ABOUT THIS TASK: When you reach the line with "Kitchen Infiltration | Kitchen" in the data below, begin printing lines exactly, and stop once the line with "ALL_ST=Food preparation_FL=Building Story 1_SCH=B | Space" has been printed.

INPUT RECORDS:
-- Opening Marker --

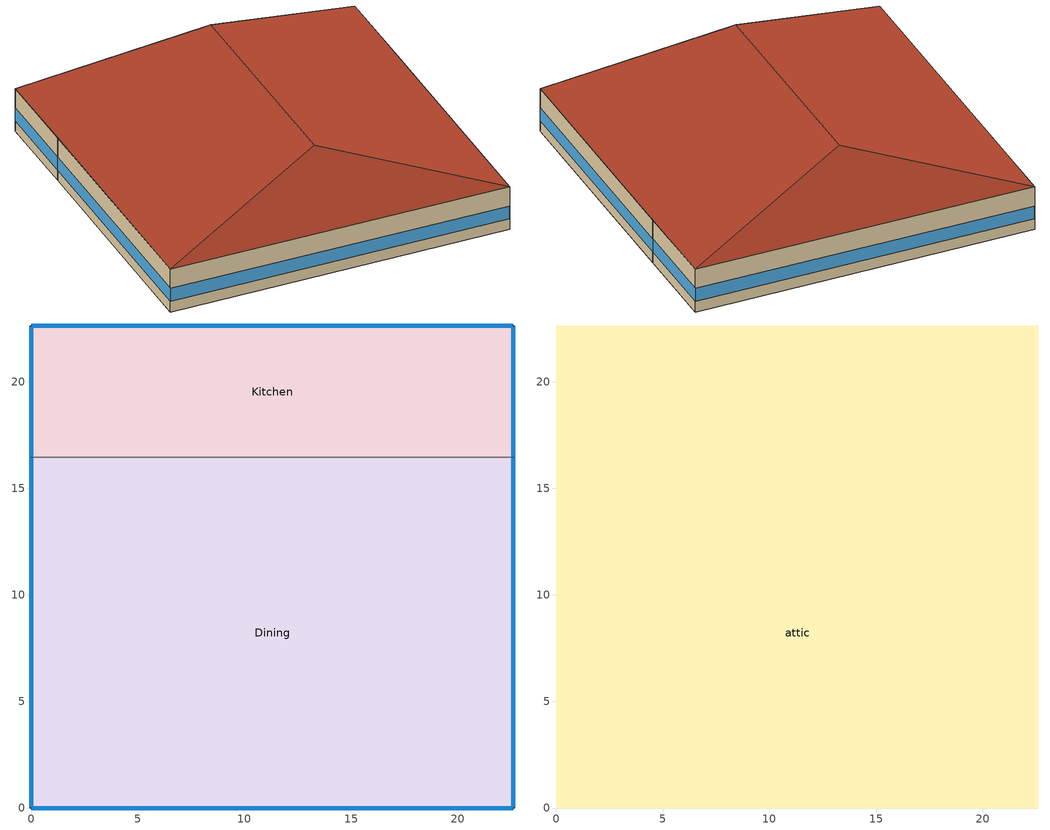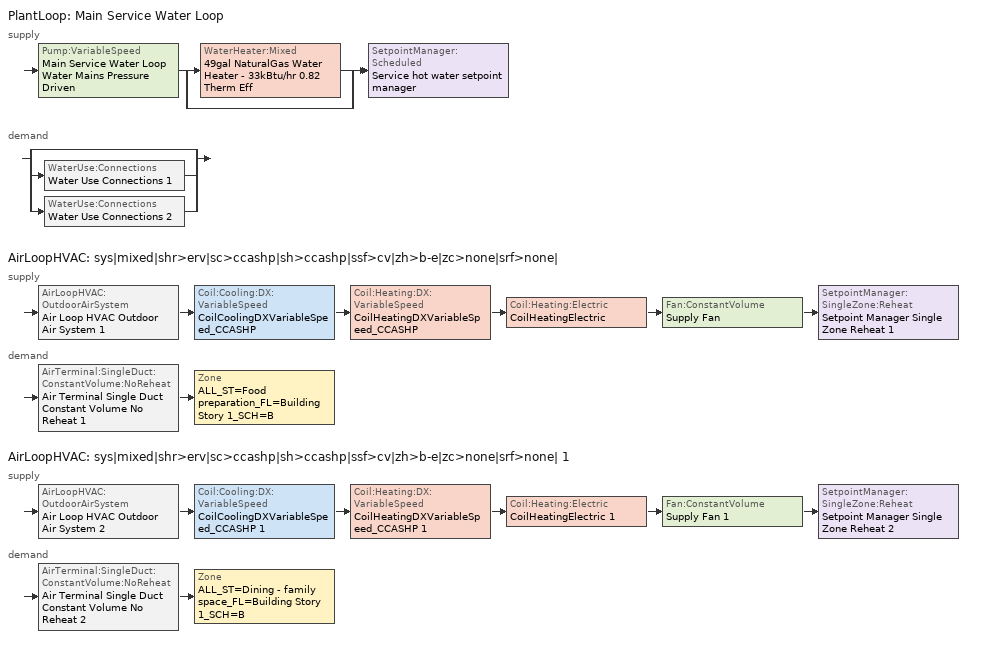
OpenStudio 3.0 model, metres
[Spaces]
Kitchen
 floor ground: 22.61,22.61 22.61,16.44 0,16.44 0,22.61 z0
 wall outside: 22.61,16.44 22.61,22.61 0,22.61 0,16.44 z0:3.05
 wall to Dining: 0,16.44 22.61,16.44 z0:3.05
 window (BTAP-Ext-FixedWindow:U=0.220 SHGC=0.600): 22.61,16.47 22.61,22.58 / 22.58,22.61 0.03,22.61 / 0,22.58 0,16.47 z0.76:1.68
Dining
 floor ground: 22.61,16.44 22.61,0 0,0 0,16.44 z0
 wall outside: 0,16.44 0,0 22.61,0 22.61,16.44 z0:3.05
 window (BTAP-Ext-FixedWindow:U=0.220 SHGC=0.600): 22.61,0.03 22.61,16.42 / 0.03,0 22.58,0 / 0,16.42 0,0.03 z0.76:1.68
attic
 floor to Dining: 22.61,16.44 22.61,0 0,0 0,16.44 z3.05
 floor to Kitchen: 22.61,22.61 22.61,16.44 0,16.44 0,22.61 z3.05
 roof outside: 11.3,18.84,6.82 22.61,22.61,3.05 0,22.61,3.05; 11.3,3.77,6.82 0,0,3.05 22.61,0,3.05; 11.3,18.84,6.82 0,22.61,3.05 0,0,3.05 11.3,3.77,6.82; 11.3,3.77,6.82 22.61,0,3.05 22.61,22.61,3.05 11.3,18.84,6.82
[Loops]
PlantLoop 'Main Service Water Loop'
 supply: Pump:VariableSpeed 'Main Service Water Loop Water Mains Pressure Driven' > split
  | WaterHeater:Mixed '49gal NaturalGas Water Heater - 33kBtu/hr 0.82 Therm Eff'
  | bypass
  join > SetpointManager:Scheduled 'Service hot water setpoint manager'
 demand: split
  | bypass
  | WaterUse:Connections 'Water Use Connections 1'
  | WaterUse:Connections 'Water Use Connections 2'
AirLoopHVAC 'sys|mixed|shr>erv|sc>ccashp|sh>ccashp|ssf>cv|zh>b-e|zc>none|srf>none|'
 supply: AirLoopHVAC:OutdoorAirSystem 'Air Loop HVAC Outdoor Air System 1' > Coil:Cooling:DX:VariableSpeed 'CoilCoolingDXVariableSpeed_CCASHP' > Coil:Heating:DX:VariableSpeed 'CoilHeatingDXVariableSpeed_CCASHP' > Coil:Heating:Electric 'CoilHeatingElectric' > Fan:ConstantVolume 'Supply Fan' > SetpointManager:SingleZone:Reheat 'Setpoint Manager Single Zone Reheat 1'
 demand: AirTerminal:SingleDuct:ConstantVolume:NoReheat 'Air Terminal Single Duct Constant Volume No Reheat 1' > Zone 'ALL_ST=Food preparation_FL=Building Story 1_SCH=B'
AirLoopHVAC 'sys|mixed|shr>erv|sc>ccashp|sh>ccashp|ssf>cv|zh>b-e|zc>none|srf>none| 1'
 supply: AirLoopHVAC:OutdoorAirSystem 'Air Loop HVAC Outdoor Air System 2' > Coil:Cooling:DX:VariableSpeed 'CoilCoolingDXVariableSpeed_CCASHP 1' > Coil:Heating:DX:VariableSpeed 'CoilHeatingDXVariableSpeed_CCASHP 1' > Coil:Heating:Electric 'CoilHeatingElectric 1' > Fan:ConstantVolume 'Supply Fan 1' > SetpointManager:SingleZone:Reheat 'Setpoint Manager Single Zone Reheat 2'
 demand: AirTerminal:SingleDuct:ConstantVolume:NoReheat 'Air Terminal Single Duct Constant Volume No Reheat 2' > Zone 'ALL_ST=Dining - family space_FL=Building Story 1_SCH=B'
[Site]
Banff CS_AB_CAN: Latitude {deg}=51.193; Longitude {deg}=-115.552; Time Zone {hr}=-7; Elevation {m}=1396.9; Terrain=City
[Building]
FullServiceRestaurant: North Axis {deg}=0; Default Construction Set=BTAP-Mass at hdd = 5500.0; Standards Number of Stories=1; Standards Number of Above Ground Stories=1; Standards Template=NECB2011; Standards Building Type=FullServiceRestaurant
[Site:WaterMainsTemperature]
Calculation Method=Correlation; Annual Average Outdoor Air Temperature {C}=2.93333; Maximum Difference In Monthly Average Outdoor Air Temperatures {deltaC}=24.2
[Site:GroundTemperature:BuildingSurface]
19.527, 19.502, 19.536, 19.598, 20.002, 21.64, 22.225, 22.375, 21.449, 20.121, 19.802, 19.633
[SizingPeriod:DesignDay] Barometric Pressure {Pa}=85631; Sky Clearness=0; Rain Indicator=0; Snow Indicator=0; Day of Month=21; Daylight Saving Time Indicator=0; Humidity Indicating Type=Wetbulb; Dry-Bulb Temperature Range Modifier Type=DefaultMultipliers
Name | Maximum Dry-Bulb Temperature {C} | Daily Dry-Bulb Temperature Range {deltaC} | Humidity Indicating Conditions at Maximum Dry-Bulb | Wind Speed {m/s} | Wind Direction {deg} | Month | Day Type | Solar Model Indicator | ASHRAE Taub | ASHRAE Taud
Banff CS Ann Clg .4% Condns DB=>MWB | 27.4 | 14.4 | 13.7 | 3.1 | 230 | 7 | SummerDesignDay | ASHRAETau | 0.357 | 2.375
Banff CS Ann Htg 99.6% Condns DB | -30.3 | 0 | -30.3 | 1.3 | 70 | 12 | WinterDesignDay | ASHRAEClearSky
[Material:NoMass] Roughness=Smooth; Thermal Absorptance=0.9; Solar Absorptance=0.7
Name | Thermal Resistance {m2-K/W} | Visible Absorptance
Typical Carpet Pad; Typical Carpet Pad 1 | 0.21648 | 0.8
Typical Insulation 1 | 5.91238 | 0.7
Typical Insulation 2 | 4.49096 | 0.7
Typical Insulation 3 | 6.17282 | 0.7
Typical Carpet Pad 2 | 1.25503 | 0.8
Typical Carpet Pad 3; Typical Carpet Pad 4 | 3.45515 | 0.8
Typical Insulation 4 | 0.454528 | 0.7
Typical Insulation 5 | 0.454545 | 0.7
[Material]
Name | Roughness | Thickness {m} | Conductivity {W/m-K} | Density {kg/m3} | Specific Heat {J/kg-K} | Thermal Absorptance | Solar Absorptance | Visible Absorptance
G05 25mm wood | MediumSmooth | 0.0254 | 0.15 | 608 | 1630 | 0.9 | 0.5 | 0.5
100mm Normalweight concrete floor 1 | MediumSmooth | 0.1016 | 2.31 | 2322 | 832
G01 13mm gypsum board 1 | Smooth | 0.0127 | 0.16 | 800 | 1090 | 0.9 | 0.7 | 0.5
4 in. Normalweight Concrete Floor 1 | MediumRough | 0.1016 | 2.31 | 2322 | 832 | 0.9 | 0.7 | 0.7
1IN Stucco 1 | Smooth | 0.0253 | 0.6918 | 1858 | 837 | 0.9 | 0.7 | 0.92
8IN CONCRETE HW RefBldg 1 | Rough | 0.2032 | 1.311 | 2240 | 836.8 | 0.9 | 0.7 | 0.7
1/2IN Gypsum 1 | Smooth | 0.0127 | 0.16 | 784.9 | 830 | 0.9 | 0.4 | 0.4
Metal Roof Surface 1; F08 Metal surface 1 | Smooth | 0.0008 | 45.28 | 7824 | 500 | 0.9 | 0.7 | 0.7
6 in. Normalweight Concrete Floor 1; 6 in. Normalweight Concrete Floor 2; 6 in. Normalweight Concrete Floor 3 | MediumRough | 0.1524 | 2.31 | 2322 | 832 | 0.9 | 0.7 | 0.7
[Construction]
BTAP-Int-Partition; BTAP-Int-Door: G05 25mm wood
BTAP-Int-Floor: 100mm Normalweight concrete floor 1, Typical Carpet Pad
BTAP-Int-Wall: G01 13mm gypsum board 1, G01 13mm gypsum board 1
BTAP-Int-Ceiling: Typical Carpet Pad, 100mm Normalweight concrete floor 1
BTAP-Int-Window: SimpleGlazing
BTAP-Ext-Floor-Mass:U-0.162: Typical Insulation 1, 4 in. Normalweight Concrete Floor 1, Typical Carpet Pad 1
BTAP-Ext-Wall-Mass:U-0.21: 1IN Stucco 1, 8IN CONCRETE HW RefBldg 1, Typical Insulation 2, 1/2IN Gypsum 1
BTAP-Ext-Roof-Metal:U-0.162: Metal Roof Surface 1, Typical Insulation 3
BTAP-Grnd-Floor-Mass:U-0.757: 6 in. Normalweight Concrete Floor 1, Typical Carpet Pad 2
BTAP-Grnd-Wall-Mass:U-0.284: 6 in. Normalweight Concrete Floor 2, Typical Carpet Pad 3
BTAP-Grnd-Roof-Mass:U-0.284: 6 in. Normalweight Concrete Floor 3, Typical Carpet Pad 4
BTAP-Ext-FixedWindow:U=0.220 SHGC=0.600; BTAP-Ext-GlassDoors:U=0.220 SHGC=0.600; BTAP-Ext-Skylights:U=0.220 SHGC=0.600; BTAP-Ext-DaylightDomes:U=0.220 SHGC=0.600; BTAP-Ext-DaylightDiffuser:U=0.220 SHGC=0.600: SimpleGlazing:U=0.220 SHGC=0.600
BTAP-Ext-Door:U-2.2: F08 Metal surface 1, Typical Insulation 4
BTAP-Ext-OverHeadDoor:U-2.2: Typical Insulation 5
[DefaultConstructionSet]
BTAP-Mass at hdd = 5500.0: Default Exterior Surface Constructions=BTAP-Mass at hdd = 5500.0; Default Interior Surface Constructions=Default Surface Constructions 2; Default Ground Contact Surface Constructions=BTAP-Mass at hdd = 5500.0 1; Default Exterior SubSurface Constructions=BTAP-Mass at hdd = 5500.0; Default Interior SubSurface Constructions=Default Sub Surface Constructions 2; Interior Partition Construction=BTAP-Int-Partition
[DefaultSurfaceConstructions]
Name | Floor Construction | Wall Construction | Roof Ceiling Construction
Default Surface Constructions 2 | BTAP-Int-Floor | BTAP-Int-Wall | BTAP-Int-Ceiling
BTAP-Mass at hdd = 5500.0 | BTAP-Ext-Floor-Mass:U-0.162 | BTAP-Ext-Wall-Mass:U-0.21 | BTAP-Ext-Roof-Metal:U-0.162
BTAP-Mass at hdd = 5500.0 1 | BTAP-Grnd-Floor-Mass:U-0.757 | BTAP-Grnd-Wall-Mass:U-0.284 | BTAP-Grnd-Roof-Mass:U-0.284
[DefaultSubSurfaceConstructions]
Name | Fixed Window Construction | Operable Window Construction | Door Construction | Glass Door Construction | Overhead Door Construction | Skylight Construction | Tubular Daylight Dome Construction | Tubular Daylight Diffuser Construction
Default Sub Surface Constructions 2 | BTAP-Int-Window | BTAP-Int-Window | BTAP-Int-Door
BTAP-Mass at hdd = 5500.0 | BTAP-Ext-FixedWindow:U=0.220 SHGC=0.600 | BTAP-Ext-FixedWindow:U=0.220 SHGC=0.600 | BTAP-Ext-Door:U-2.2 | BTAP-Ext-GlassDoors:U=0.220 SHGC=0.600 | BTAP-Ext-OverHeadDoor:U-2.2 | BTAP-Ext-Skylights:U=0.220 SHGC=0.600 | BTAP-Ext-DaylightDomes:U=0.220 SHGC=0.600 | BTAP-Ext-DaylightDiffuser:U=0.220 SHGC=0.600
[WindowMaterial:SimpleGlazingSystem] U-Factor {W/m2-K}=2.2; Solar Heat Gain Coefficient=0.6; Visible Transmittance=0.21
SimpleGlazing; SimpleGlazing:U=0.220 SHGC=0.600
[Space]
Name | Space Type | Building Story | Thermal Zone | Part of Total Floor Area
Kitchen | Space Function Food preparation | Building Story 1 | ALL_ST=Food preparation_FL=Building Story 1_SCH=B | Yes
Dining | Space Function Dining - family space | Building Story 1 | ALL_ST=Dining - family space_FL=Building Story 1_SCH=B | Yes
attic | Space Function - undefined - | Building Story 2 | ALL_ST=- undefined -_FL=Building Story 2_SCH=A | No
[BuildingStory]
Name | Nominal Z Coordinate {m}
Building Story 1 | 0
Building Story 2 | 3.0488
[SpaceType] Standards Building Type=Space Function
Name | Default Schedule Set | Design Specification Outdoor Air Object | Standards Space Type
Space Function - undefined - | Space Function - undefined - Schedule Set | Space Function - undefined - Ventilation | - undefined -
Space Function Dining - family space | Space Function Dining - family space Schedule Set | Space Function Dining - family space Ventilation | Dining - family space
Space Function Food preparation | Space Function Food preparation Schedule Set | Space Function Food preparation Ventilation | Food preparation
[DesignSpecification:OutdoorAir]
Name | Outdoor Air Flow per Person {m3/s-person} | Outdoor Air Flow per Floor Area {m3/s-m2} | Outdoor Air Flow Air Changes per Hour {1/hr} | Outdoor Air Method
Space Function - undefined - Ventilation | 0 | 0 | 0
Space Function Dining - family space Ventilation | 0.0266709 | 0.0009144 |  | Sum
Space Function Food preparation Ventilation | 0.0152241 | 0.0006096 |  | Sum
[DefaultScheduleSet] Infiltration Schedule=Always On
Name | Number of People Schedule | People Activity Level Schedule | Lighting Schedule | Electric Equipment Schedule
Space Function - undefined - Schedule Set
Space Function Dining - family space Schedule Set; Space Function Food preparation Schedule Set | NECB-B-Occupancy | NECB-Activity | NECB-B-Lighting | NECB-B-Electric-Equipment
[ThermostatSetpoint:DualSetpoint]
Name | Heating Setpoint Temperature Schedule | Cooling Setpoint Temperature Schedule
Space Function - undefined - Thermostat 3
Space Function Food preparation Thermostat 3; Space Function Dining - family space Thermostat 3 | NECB-B-Thermostat Setpoint-Heating | NECB-B-Thermostat Setpoint-Cooling
[People:Definition] Number of People Calculation Method=People/Area; Fraction Radiant=0.3
Name | People per Space Floor Area {person/m2}
Space Function Dining - family space People Definition | 0.0999967
Space Function Food preparation People Definition | 0.0500522
[People] Work Efficiency Schedule=Work Efficiency Schedule; Clothing Insulation Schedule=Clothing Schedule; Air Velocity Schedule=Air Velocity Schedule; Multiplier=1
Name | People Definition | Space or SpaceType
Space Function Dining - family space People | Space Function Dining - family space People Definition | Space Function Dining - family space
Space Function Food preparation People | Space Function Food preparation People Definition | Space Function Food preparation
[Lights:Definition] Design Level Calculation Method=Watts/Area; Fraction Radiant=0.5; Fraction Visible=0.2
Name | Watts per Space Floor Area {W/m2}
Space Function Dining - family space Lights Definition | 9.59992
Space Function Food preparation Lights Definition | 10.6999
[Lights] Fraction Replaceable=1
Name | Lights Definition | Space or SpaceType
Space Function Dining - family space Lights | Space Function Dining - family space Lights Definition | Space Function Dining - family space
Space Function Food preparation Lights | Space Function Food preparation Lights Definition | Space Function Food preparation
[ElectricEquipment:Definition] Design Level Calculation Method=Watts/Area; Fraction Radiant=0.5
Name | Watts per Space Floor Area {W/m2}
Space Function Dining - family space Elec Equip Definition | 0.999992
Space Function Food preparation Elec Equip Definition | 9.99992
[ElectricEquipment]
Name | Electric Equipment Definition | Space or SpaceType
Space Function Dining - family space Elec Equip | Space Function Dining - family space Elec Equip Definition | Space Function Dining - family space
Space Function Food preparation Elec Equip | Space Function Food preparation Elec Equip Definition | Space Function Food preparation
[SpaceInfiltration:DesignFlowRate] Schedule=Always On Discrete; Design Flow Rate Calculation Method=Flow/ExteriorArea; Flow per Exterior Surface Area {m3/s-m2}=0.00025; Constant Term Coefficient=0; Temperature Term Coefficient=0; Velocity Term Coefficient=0.224; Velocity Squared Term Coefficient=0
Name | Space or SpaceType
attic Infiltration | attic
Dining Infiltration | Dining
Kitchen Infiltration | Kitchen
[ThermalZone] Use Ideal Air Loads=No
Name | Thermostat
ALL_ST=- undefined -_FL=Building Story 2_SCH=A | Space Function - undefined - Thermostat 3
ALL_ST=Food preparation_FL=Building Story 1_SCH=B | Space Function Food preparation Thermostat 3
ALL_ST=Dining - family space_FL=Building Story 1_SCH=B | Space Function Dining - family space Thermostat 3
[Sizing:Zone] Zone Cooling Design Supply Air Temperature Input Method=SupplyAirTemperature; Zone Cooling Design Supply Air Temperature Difference {deltaC}=11.11; Zone Heating Design Supply Air Temperature Input Method=SupplyAirTemperature; Zone Heating Design Supply Air Temperature Difference {deltaC}=11.11; Zone Cooling Design Supply Air Humidity Ratio {kg-H2O/kg-air}=0.0085; Zone Heating Design Supply Air Humidity Ratio {kg-H2O/kg-air}=0.008; Cooling Design Air Flow Method=DesignDay; Heating Design Air Flow Method=DesignDay; Account for Dedicated Outdoor Air System=No; Dedicated Outdoor Air System Control Strategy=NeutralSupplyAir; Dedicated Outdoor Air Low Setpoint Temperature for Design {C}=autosize; Dedicated Outdoor Air High Setpoint Temperature for Design {C}=autosize
Name | Zone Cooling Design Supply Air Temperature {C} | Zone Heating Design Supply Air Temperature {C} | Zone Heating Sizing Factor | Zone Cooling Sizing Factor
ALL_ST=- undefined -_FL=Building Story 2_SCH=A | 14 | 40
ALL_ST=Food preparation_FL=Building Story 1_SCH=B; ALL_ST=Dining - family space_FL=Building Story 1_SCH=B | 13 | 43 | 1.3 | 1.1
[Zone equipment]
ALL_ST=Food preparation_FL=Building Story 1_SCH=B: Air Terminal Single Duct Constant Volume No Reheat 1, ZoneHVACBaseboardConvectiveElectric
ALL_ST=Dining - family space_FL=Building Story 1_SCH=B: Air Terminal Single Duct Constant Volume No Reheat 2, ZoneHVACBaseboardConvectiveElectric 1
[PlantLoop]
Main Service Water Loop: Glycol Concentration=0; Maximum Loop Temperature {C}=60; Minimum Loop Temperature {C}=10; Plant Loop Volume {m3}=Autocalculate; Load Distribution Scheme=Optimal
[Sizing:Plant]
Main Service Water Loop: Loop Type=Heating; Design Loop Exit Temperature {C}=60; Loop Design Temperature Difference {deltaC}=5; Sizing Option=NonCoincident; Zone Timesteps in Averaging Window=1; Coincident Sizing Factor Mode=None
[SetpointManager:Scheduled]
Service hot water setpoint manager: Control Variable=Temperature; Schedule=Service Water Loop Temp - 140F
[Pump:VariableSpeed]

-- Closing Marker --

RESULT OF THIS EXERCISE:
Kitchen Infiltration | Kitchen
[ThermalZone] Use Ideal Air Loads=No
Name | Thermostat
ALL_ST=- undefined -_FL=Building Story 2_SCH=A | Space Function - undefined - Thermostat 3
ALL_ST=Food preparation_FL=Building Story 1_SCH=B | Space Function Food preparation Thermostat 3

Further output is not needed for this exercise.